Performance comparison

For a mesh with approximately 9,500 elements (7-node triangles, 6 integration points):

Table 6 Assembly time comparison
Version	Assembly time	Speedup
Original (element-by-element)	~100 ms	1.0x
Blocked vectorized	~5 ms	~20x

The overall solver speedup is smaller because the linear solve (spsolve) dominates for large systems, but the assembly phase — previously the bottleneck for moderately-sized meshes — is effectively eliminated as a concern.

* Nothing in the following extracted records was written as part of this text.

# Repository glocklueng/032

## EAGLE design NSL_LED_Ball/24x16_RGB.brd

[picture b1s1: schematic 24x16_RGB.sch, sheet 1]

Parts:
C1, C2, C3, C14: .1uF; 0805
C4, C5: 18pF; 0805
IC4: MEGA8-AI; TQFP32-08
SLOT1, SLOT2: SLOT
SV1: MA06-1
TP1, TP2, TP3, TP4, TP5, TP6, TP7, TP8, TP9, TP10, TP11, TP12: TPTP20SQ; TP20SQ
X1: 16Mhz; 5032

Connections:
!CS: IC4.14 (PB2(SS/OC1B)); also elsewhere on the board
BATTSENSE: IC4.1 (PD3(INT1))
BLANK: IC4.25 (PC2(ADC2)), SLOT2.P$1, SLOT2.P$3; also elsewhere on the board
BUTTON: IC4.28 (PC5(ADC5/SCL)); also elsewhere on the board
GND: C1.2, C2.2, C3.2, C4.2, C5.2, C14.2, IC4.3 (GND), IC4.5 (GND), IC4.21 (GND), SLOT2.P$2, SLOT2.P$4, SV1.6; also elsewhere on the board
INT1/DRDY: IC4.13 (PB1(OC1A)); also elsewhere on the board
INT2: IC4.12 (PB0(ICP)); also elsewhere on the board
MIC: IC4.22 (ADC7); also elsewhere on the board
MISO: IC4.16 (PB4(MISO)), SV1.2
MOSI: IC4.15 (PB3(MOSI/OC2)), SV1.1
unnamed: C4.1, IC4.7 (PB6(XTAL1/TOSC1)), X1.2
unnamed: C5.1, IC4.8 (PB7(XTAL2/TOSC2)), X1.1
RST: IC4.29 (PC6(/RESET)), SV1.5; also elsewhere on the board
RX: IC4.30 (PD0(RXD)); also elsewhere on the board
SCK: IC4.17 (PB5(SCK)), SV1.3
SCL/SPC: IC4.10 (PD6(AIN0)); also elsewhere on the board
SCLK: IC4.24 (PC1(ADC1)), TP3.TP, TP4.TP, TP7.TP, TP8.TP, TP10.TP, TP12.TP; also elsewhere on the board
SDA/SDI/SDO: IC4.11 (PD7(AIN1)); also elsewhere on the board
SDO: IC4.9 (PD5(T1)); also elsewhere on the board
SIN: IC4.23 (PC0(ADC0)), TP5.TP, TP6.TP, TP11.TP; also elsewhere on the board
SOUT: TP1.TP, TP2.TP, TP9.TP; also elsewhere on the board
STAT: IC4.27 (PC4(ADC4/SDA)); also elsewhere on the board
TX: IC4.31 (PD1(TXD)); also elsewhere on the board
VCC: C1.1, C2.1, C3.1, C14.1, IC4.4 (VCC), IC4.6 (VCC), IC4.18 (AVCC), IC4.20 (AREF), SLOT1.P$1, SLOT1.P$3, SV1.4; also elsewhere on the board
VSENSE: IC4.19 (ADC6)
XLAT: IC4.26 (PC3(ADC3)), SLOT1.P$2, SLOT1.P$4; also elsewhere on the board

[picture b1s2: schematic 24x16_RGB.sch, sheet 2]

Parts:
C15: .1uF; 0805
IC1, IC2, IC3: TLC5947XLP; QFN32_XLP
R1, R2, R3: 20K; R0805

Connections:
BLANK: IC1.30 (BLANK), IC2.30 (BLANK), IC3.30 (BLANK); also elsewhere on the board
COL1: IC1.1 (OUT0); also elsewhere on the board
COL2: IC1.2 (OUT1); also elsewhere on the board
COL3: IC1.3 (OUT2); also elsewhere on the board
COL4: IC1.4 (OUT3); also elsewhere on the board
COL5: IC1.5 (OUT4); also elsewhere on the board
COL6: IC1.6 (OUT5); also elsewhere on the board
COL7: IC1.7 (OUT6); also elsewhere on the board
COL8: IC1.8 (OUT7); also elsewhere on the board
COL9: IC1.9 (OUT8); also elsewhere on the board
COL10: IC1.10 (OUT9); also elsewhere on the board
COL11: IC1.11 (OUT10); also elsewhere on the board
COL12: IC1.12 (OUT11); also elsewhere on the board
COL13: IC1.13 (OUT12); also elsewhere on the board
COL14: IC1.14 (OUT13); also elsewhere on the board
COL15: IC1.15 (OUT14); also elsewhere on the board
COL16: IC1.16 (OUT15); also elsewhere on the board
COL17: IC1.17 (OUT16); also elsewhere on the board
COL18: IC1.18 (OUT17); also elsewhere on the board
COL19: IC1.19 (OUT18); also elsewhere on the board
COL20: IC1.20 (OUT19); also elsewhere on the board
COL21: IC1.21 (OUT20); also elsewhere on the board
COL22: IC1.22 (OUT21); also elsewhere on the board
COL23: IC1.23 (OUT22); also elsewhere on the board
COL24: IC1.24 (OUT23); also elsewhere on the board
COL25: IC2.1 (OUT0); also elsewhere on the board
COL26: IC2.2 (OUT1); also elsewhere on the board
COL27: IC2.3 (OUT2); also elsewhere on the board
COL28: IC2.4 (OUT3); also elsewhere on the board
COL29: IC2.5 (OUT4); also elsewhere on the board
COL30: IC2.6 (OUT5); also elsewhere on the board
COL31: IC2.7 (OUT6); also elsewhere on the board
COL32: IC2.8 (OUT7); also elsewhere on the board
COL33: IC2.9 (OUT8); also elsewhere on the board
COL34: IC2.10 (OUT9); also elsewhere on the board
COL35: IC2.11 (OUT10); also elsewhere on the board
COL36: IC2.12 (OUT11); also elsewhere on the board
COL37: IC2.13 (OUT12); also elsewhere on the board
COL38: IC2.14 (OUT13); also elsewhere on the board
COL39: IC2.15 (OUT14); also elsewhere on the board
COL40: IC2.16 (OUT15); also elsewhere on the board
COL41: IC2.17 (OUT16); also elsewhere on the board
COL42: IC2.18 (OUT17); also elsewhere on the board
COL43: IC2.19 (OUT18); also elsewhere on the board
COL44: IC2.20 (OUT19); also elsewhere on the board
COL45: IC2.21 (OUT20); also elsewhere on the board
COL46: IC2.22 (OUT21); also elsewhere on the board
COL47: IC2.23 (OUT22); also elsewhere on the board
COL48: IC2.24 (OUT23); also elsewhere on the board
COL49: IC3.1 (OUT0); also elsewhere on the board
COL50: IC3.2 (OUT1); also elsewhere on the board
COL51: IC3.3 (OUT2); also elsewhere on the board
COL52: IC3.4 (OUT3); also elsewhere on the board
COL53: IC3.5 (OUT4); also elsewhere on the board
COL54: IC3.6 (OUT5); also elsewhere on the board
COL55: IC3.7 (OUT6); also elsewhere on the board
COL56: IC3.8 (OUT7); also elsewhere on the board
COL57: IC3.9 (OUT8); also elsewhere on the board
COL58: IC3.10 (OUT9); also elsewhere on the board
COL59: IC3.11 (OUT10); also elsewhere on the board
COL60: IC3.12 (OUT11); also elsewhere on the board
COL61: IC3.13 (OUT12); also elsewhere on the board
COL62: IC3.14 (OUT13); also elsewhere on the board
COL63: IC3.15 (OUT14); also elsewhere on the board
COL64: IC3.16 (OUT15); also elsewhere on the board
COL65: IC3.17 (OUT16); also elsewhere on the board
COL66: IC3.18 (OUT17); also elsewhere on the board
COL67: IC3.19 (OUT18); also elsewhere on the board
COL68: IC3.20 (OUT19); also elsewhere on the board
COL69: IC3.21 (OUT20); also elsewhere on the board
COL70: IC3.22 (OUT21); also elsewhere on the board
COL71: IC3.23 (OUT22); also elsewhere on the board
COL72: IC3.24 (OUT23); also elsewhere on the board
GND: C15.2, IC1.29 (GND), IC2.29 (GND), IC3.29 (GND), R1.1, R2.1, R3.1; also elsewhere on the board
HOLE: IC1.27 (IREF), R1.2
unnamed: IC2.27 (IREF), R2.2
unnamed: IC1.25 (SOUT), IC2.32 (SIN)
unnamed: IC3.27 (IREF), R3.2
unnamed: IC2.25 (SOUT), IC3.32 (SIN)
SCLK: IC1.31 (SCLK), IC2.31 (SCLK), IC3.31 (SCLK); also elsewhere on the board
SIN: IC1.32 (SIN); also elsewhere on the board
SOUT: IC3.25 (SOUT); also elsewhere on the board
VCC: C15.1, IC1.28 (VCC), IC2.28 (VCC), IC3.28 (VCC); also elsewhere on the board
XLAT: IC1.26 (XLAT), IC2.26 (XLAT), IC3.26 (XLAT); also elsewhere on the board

The blocked implementation has been verified to produce results identical to the original (velocity differences < \(10^{-12}\), pressure differences < \(10^{-10}\)).

Download

You can download the blocked implementation here: mechanical2d_blocked.py and mechanical2d_driver_blocked.py.

Exercises

Block size tuning: Run the blocked solver with different BLOCK_SIZE values (100, 1000, 10000, 50000). How does assembly time change? Can you explain the behavior in terms of CPU cache sizes?
Profiling: Compare the timing breakdown between the original and blocked versions. At what mesh size does the assembly cease to be the bottleneck?
einsum practice: Write out the index notation for each np.einsum call in the blocked assembly. Verify on paper that the contraction indices are correct for one of the operations (e.g., the B^T D B computation).